Donna and Judy work at the Woodland Park Historic Museum and Gift Shop and while Mona was checking out the library across the street I went in to the museum to see what I might discover especially interesting about this busy and attractive small town. I learned some cool stuff!
First, I learned that this quiet town today was a pretty rough and tumble place during prohibition and after. It took federal agents to raid the 'stills in the hills' numerous times to even make a dent in their production. And the casinos, gambling, and other colorful behavior of the residents meant this place was always busy.

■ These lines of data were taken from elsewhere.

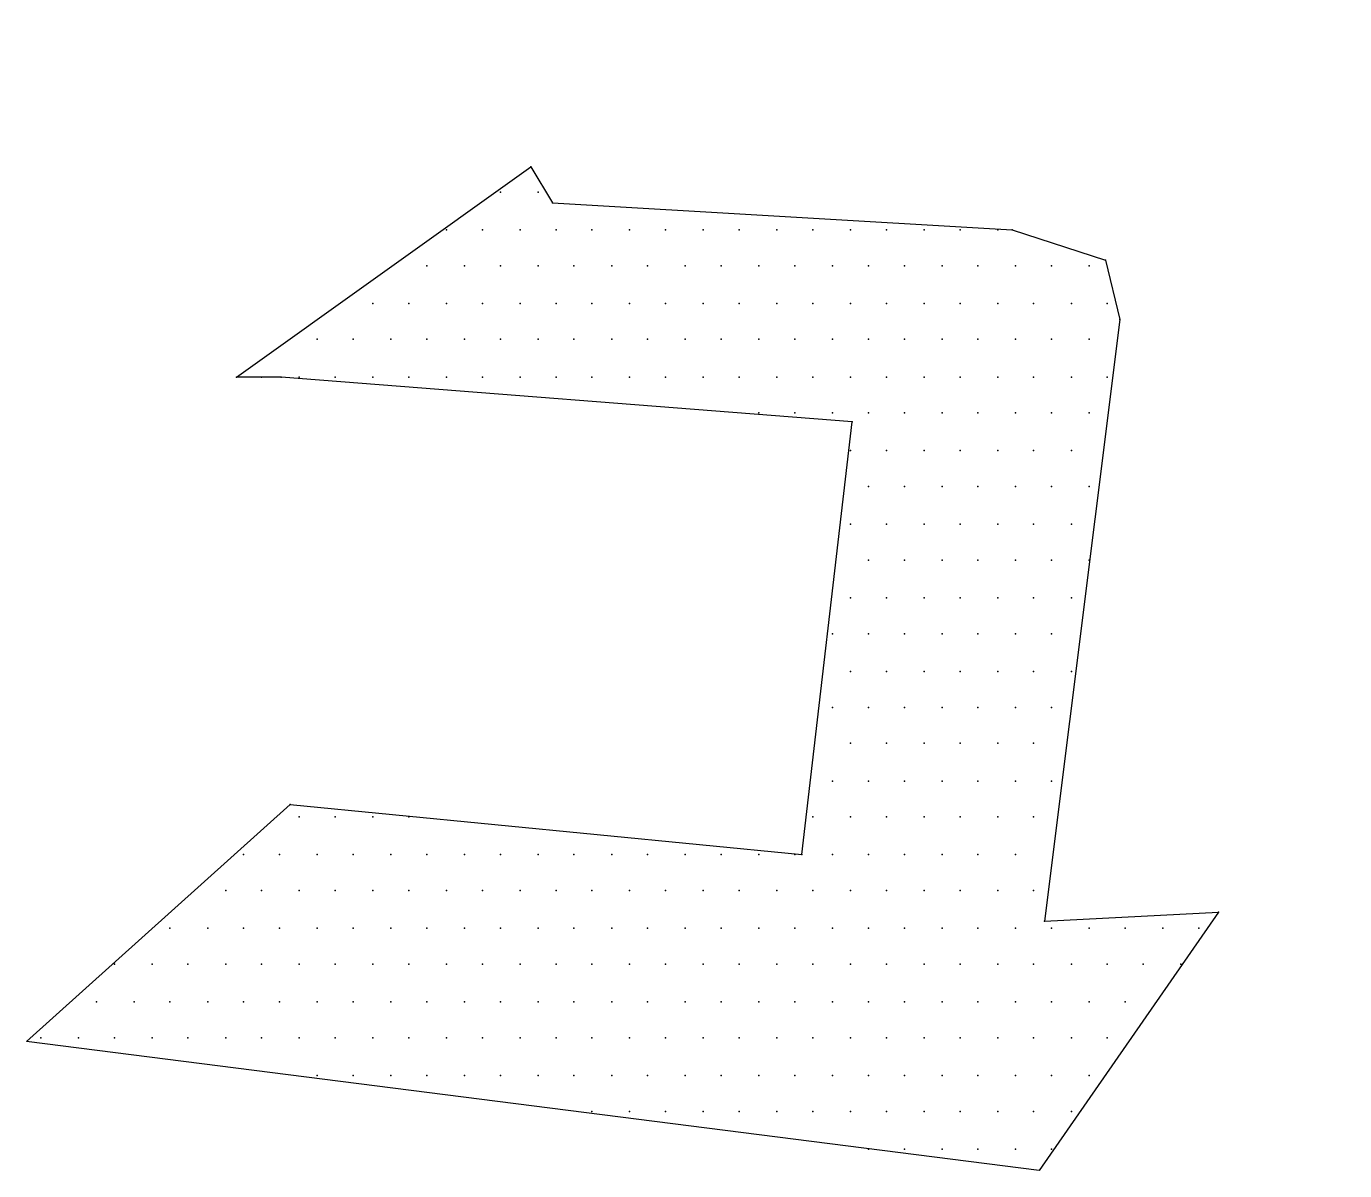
# Model space of a CAD drawing. Extents: x 180421 to 182279, y 668879 to 669787.
# Drawn here: x 180606.743 to 180610.619, y 669627.534 to 669630.898 of the extents above; entities that cross this region are included whole.
import ezdxf

# ---------------------------------------------------------------- set-up
doc = ezdxf.new("R2010")
doc.units = 0
doc.header["$LTSCALE"] = 2.5
doc.header["$MEASUREMENT"] = 0
doc.layers.add('KOTERET', color=1, linetype='CONTINUOUS')

msp = doc.modelspace()

# ---------------------------------------------------------------- linework, layer by layer
at = {"layer": 'KOTERET', "color": 1, "linetype": 'Continuous'}
for points in [[(180622.0816, 669630.2263, 0.06433), (180609.3401, 669633.7416, 0.055067), (180598.0185, 669634.0794, 0.081051), (180584.6436, 669631.3295, 0.05642), (180576.1722, 669626.9486, 0.170965), (180569.6589, 669619.3533, 0.076819), (180568.6666, 669614.8616, 0.118306), (180570.2554, 669608.0158, 0.129737), (180575.3329, 669602.2468, 0.070189), (180585.2717, 669597.0109, 0.047922), (180592.7245, 669595.116, 0.049022), (180603.3916, 669594.3507, 0.072792), (180618.9939, 669597.0531, 0.1248), (180629.2441, 669602.6585, 0.103709), (180634.8759, 669610.6232, 0.036886), (180635.2876, 669612.3703, 0.106536), (180635.0026, 669617.4954, 0.106243), (180629.9355, 669625.2332, 0.106919), (180622.0816, 669630.2263)], [(180592.9145, 669596.2614, 0.049045), (180603.36, 669595.5119, 0.072972), (180618.6666, 669598.1721, 0.125195), (180628.4524, 669603.5083, 0.103069), (180633.7886, 669611.0297, 0.035565), (180634.1422, 669612.5551, 0.105225), (180633.8994, 669617.1365, 0.105504), (180629.1227, 669624.4098, 0.107235), (180621.6594, 669629.1496, 0.064474), (180609.1765, 669632.591, 0.055181), (180598.0871, 669632.9235, 0.081162), (180585.0606, 669630.2474, 0.05669), (180576.7844, 669625.9616, 0.171614), (180570.7409, 669618.9363, 0.076301), (180569.8278, 669614.8194, 0.117637), (180571.2952, 669608.5384, 0.130118), (180575.998, 669603.2022, 0.070334), (180585.6676, 669598.1034, 0.047983), (180592.9145, 669596.2614)]]:
    msp.add_lwpolyline(points, format="xyb", dxfattribs=at)
at = {"layer": 'KOTERET', "color": 2, "linetype": 'Continuous'}
for points in [[(180607.3608, 669629.8674), (180608.2264, 669630.485)], [(180608.2264, 669630.485), (180608.2898, 669630.3794)], [(180608.1367, 669630.4111), (180608.1367, 669630.4111)], [(180608.2476, 669630.4111), (180608.2476, 669630.4111)], [(180608.2898, 669630.3794), (180609.641, 669630.3002)], [(180607.9784, 669630.3002), (180607.9784, 669630.3002)], [(180608.0839, 669630.3002), (180608.0839, 669630.3002)], [(180608.1948, 669630.3002), (180608.1948, 669630.3002)], [(180608.3003, 669630.3002), (180608.3003, 669630.3002)], [(180608.4059, 669630.3002), (180608.4059, 669630.3002)], [(180608.5167, 669630.3002), (180608.5167, 669630.3002)], [(180608.6223, 669630.3002), (180608.6223, 669630.3002)], [(180608.7331, 669630.3002), (180608.7331, 669630.3002)], [(180608.8387, 669630.3002), (180608.8387, 669630.3002)], [(180608.9496, 669630.3002), (180608.9496, 669630.3002)], [(180609.0551, 669630.3002), (180609.0551, 669630.3002)], [(180609.166, 669630.3002), (180609.166, 669630.3002)], [(180609.2715, 669630.3002), (180609.2715, 669630.3002)], [(180609.3824, 669630.3002), (180609.3824, 669630.3002)], [(180609.4879, 669630.3002), (180609.4879, 669630.3002)], [(180609.5988, 669630.3002), (180609.5988, 669630.3002)], [(180609.641, 669630.3002), (180609.9155, 669630.2105)], [(180609.9155, 669630.2105), (180609.9577, 669630.0363)], [(180607.9203, 669630.1947), (180607.9203, 669630.1947)], [(180608.0312, 669630.1947), (180608.0312, 669630.1947)], [(180608.1367, 669630.1947), (180608.1367, 669630.1947)], [(180608.2476, 669630.1947), (180608.2476, 669630.1947)], [(180608.3531, 669630.1947), (180608.3531, 669630.1947)], [(180608.464, 669630.1947), (180608.464, 669630.1947)], [(180608.5695, 669630.1947), (180608.5695, 669630.1947)], [(180608.6804, 669630.1947), (180608.6804, 669630.1947)], [(180608.7859, 669630.1947), (180608.7859, 669630.1947)], [(180608.8968, 669630.1947), (180608.8968, 669630.1947)], [(180609.0023, 669630.1947), (180609.0023, 669630.1947)], [(180609.1132, 669630.1947), (180609.1132, 669630.1947)], [(180609.2187, 669630.1947), (180609.2187, 669630.1947)], [(180609.3243, 669630.1947), (180609.3243, 669630.1947)], [(180609.4351, 669630.1947), (180609.4351, 669630.1947)], [(180609.5407, 669630.1947), (180609.5407, 669630.1947)], [(180609.6515, 669630.1947), (180609.6515, 669630.1947)], [(180609.7571, 669630.1947), (180609.7571, 669630.1947)], [(180609.868, 669630.1947), (180609.868, 669630.1947)], [(180607.762, 669630.0838), (180607.762, 669630.0838)], [(180607.8675, 669630.0838), (180607.8675, 669630.0838)], [(180607.9784, 669630.0838), (180607.9784, 669630.0838)], [(180608.0839, 669630.0838), (180608.0839, 669630.0838)], [(180608.1948, 669630.0838), (180608.1948, 669630.0838)], [(180608.3003, 669630.0838), (180608.3003, 669630.0838)], [(180608.4059, 669630.0838), (180608.4059, 669630.0838)], [(180608.5167, 669630.0838), (180608.5167, 669630.0838)], [(180608.6223, 669630.0838), (180608.6223, 669630.0838)], [(180608.7331, 669630.0838), (180608.7331, 669630.0838)], [(180608.8387, 669630.0838), (180608.8387, 669630.0838)], [(180608.9496, 669630.0838), (180608.9496, 669630.0838)], [(180609.0551, 669630.0838), (180609.0551, 669630.0838)], [(180609.166, 669630.0838), (180609.166, 669630.0838)], [(180609.2715, 669630.0838), (180609.2715, 669630.0838)], [(180609.3824, 669630.0838), (180609.3824, 669630.0838)], [(180609.4879, 669630.0838), (180609.4879, 669630.0838)], [(180609.5988, 669630.0838), (180609.5988, 669630.0838)], [(180609.7043, 669630.0838), (180609.7043, 669630.0838)], [(180609.8152, 669630.0838), (180609.8152, 669630.0838)], [(180609.9207, 669630.0838), (180609.9207, 669630.0838)], [(180609.9577, 669630.0363), (180609.736, 669628.2681)], [(180607.5983, 669629.9783), (180607.5983, 669629.9783)], [(180607.7039, 669629.9783), (180607.7039, 669629.9783)], [(180607.8147, 669629.9783), (180607.8147, 669629.9783)], [(180607.9203, 669629.9783), (180607.9203, 669629.9783)], [(180608.0312, 669629.9783), (180608.0312, 669629.9783)], [(180608.1367, 669629.9783), (180608.1367, 669629.9783)], [(180608.2476, 669629.9783), (180608.2476, 669629.9783)], [(180608.3531, 669629.9783), (180608.3531, 669629.9783)], [(180608.464, 669629.9783), (180608.464, 669629.9783)], [(180608.5695, 669629.9783), (180608.5695, 669629.9783)], [(180608.6804, 669629.9783), (180608.6804, 669629.9783)], [(180608.7859, 669629.9783), (180608.7859, 669629.9783)], [(180608.8968, 669629.9783), (180608.8968, 669629.9783)], [(180609.0023, 669629.9783), (180609.0023, 669629.9783)], [(180609.1132, 669629.9783), (180609.1132, 669629.9783)], [(180609.2187, 669629.9783), (180609.2187, 669629.9783)], [(180609.3243, 669629.9783), (180609.3243, 669629.9783)], [(180609.4351, 669629.9783), (180609.4351, 669629.9783)], [(180609.5407, 669629.9783), (180609.5407, 669629.9783)], [(180609.6515, 669629.9783), (180609.6515, 669629.9783)], [(180609.7571, 669629.9783), (180609.7571, 669629.9783)], [(180609.868, 669629.9783), (180609.868, 669629.9783)], [(180607.4928, 669629.8674), (180607.3608, 669629.8674)], [(180607.4347, 669629.8674), (180607.4347, 669629.8674)], [(180609.1712, 669629.7355), (180607.4928, 669629.8674)], [(180607.5456, 669629.8674), (180607.5456, 669629.8674)], [(180607.6511, 669629.8674), (180607.6511, 669629.8674)], [(180607.762, 669629.8674), (180607.762, 669629.8674)], [(180607.8675, 669629.8674), (180607.8675, 669629.8674)], [(180607.9784, 669629.8674), (180607.9784, 669629.8674)], [(180608.0839, 669629.8674), (180608.0839, 669629.8674)], [(180608.1948, 669629.8674), (180608.1948, 669629.8674)], [(180608.3003, 669629.8674), (180608.3003, 669629.8674)], [(180608.4059, 669629.8674), (180608.4059, 669629.8674)], [(180608.5167, 669629.8674), (180608.5167, 669629.8674)], [(180608.6223, 669629.8674), (180608.6223, 669629.8674)], [(180608.7331, 669629.8674), (180608.7331, 669629.8674)], [(180608.8387, 669629.8674), (180608.8387, 669629.8674)], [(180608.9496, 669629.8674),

Well, it was replaced with a much bigger place to hold the bad 'uns by the 1930's but you get the picture.
(NOT Woodland Park) |
In addition to being a center for crime and punishment Woodland Park had at least one Tuberculosis Sanitarium with its share of TB huts for the contagious patients to live in while hopefully recovering from the dreaded disease. I told Donna and Judy that I had actually found two of them in Fountain, CO, the other day on display and they laughed and told me to spend a little time looking into people's back yards anywhere there used to be a sanitarium. They are EVERYWHERE, even though almost 100 years old.
When the TB fad died out (sadly, TB didn't. There is still no drug cure for the disease) people took the cute and simple huts by the dozens and turned them into everything from motel cabins to garden tool sheds.
So now I'll be driving through back allies in towns all up and down the front range looking for tool sheds that are actually old TB huts to photo!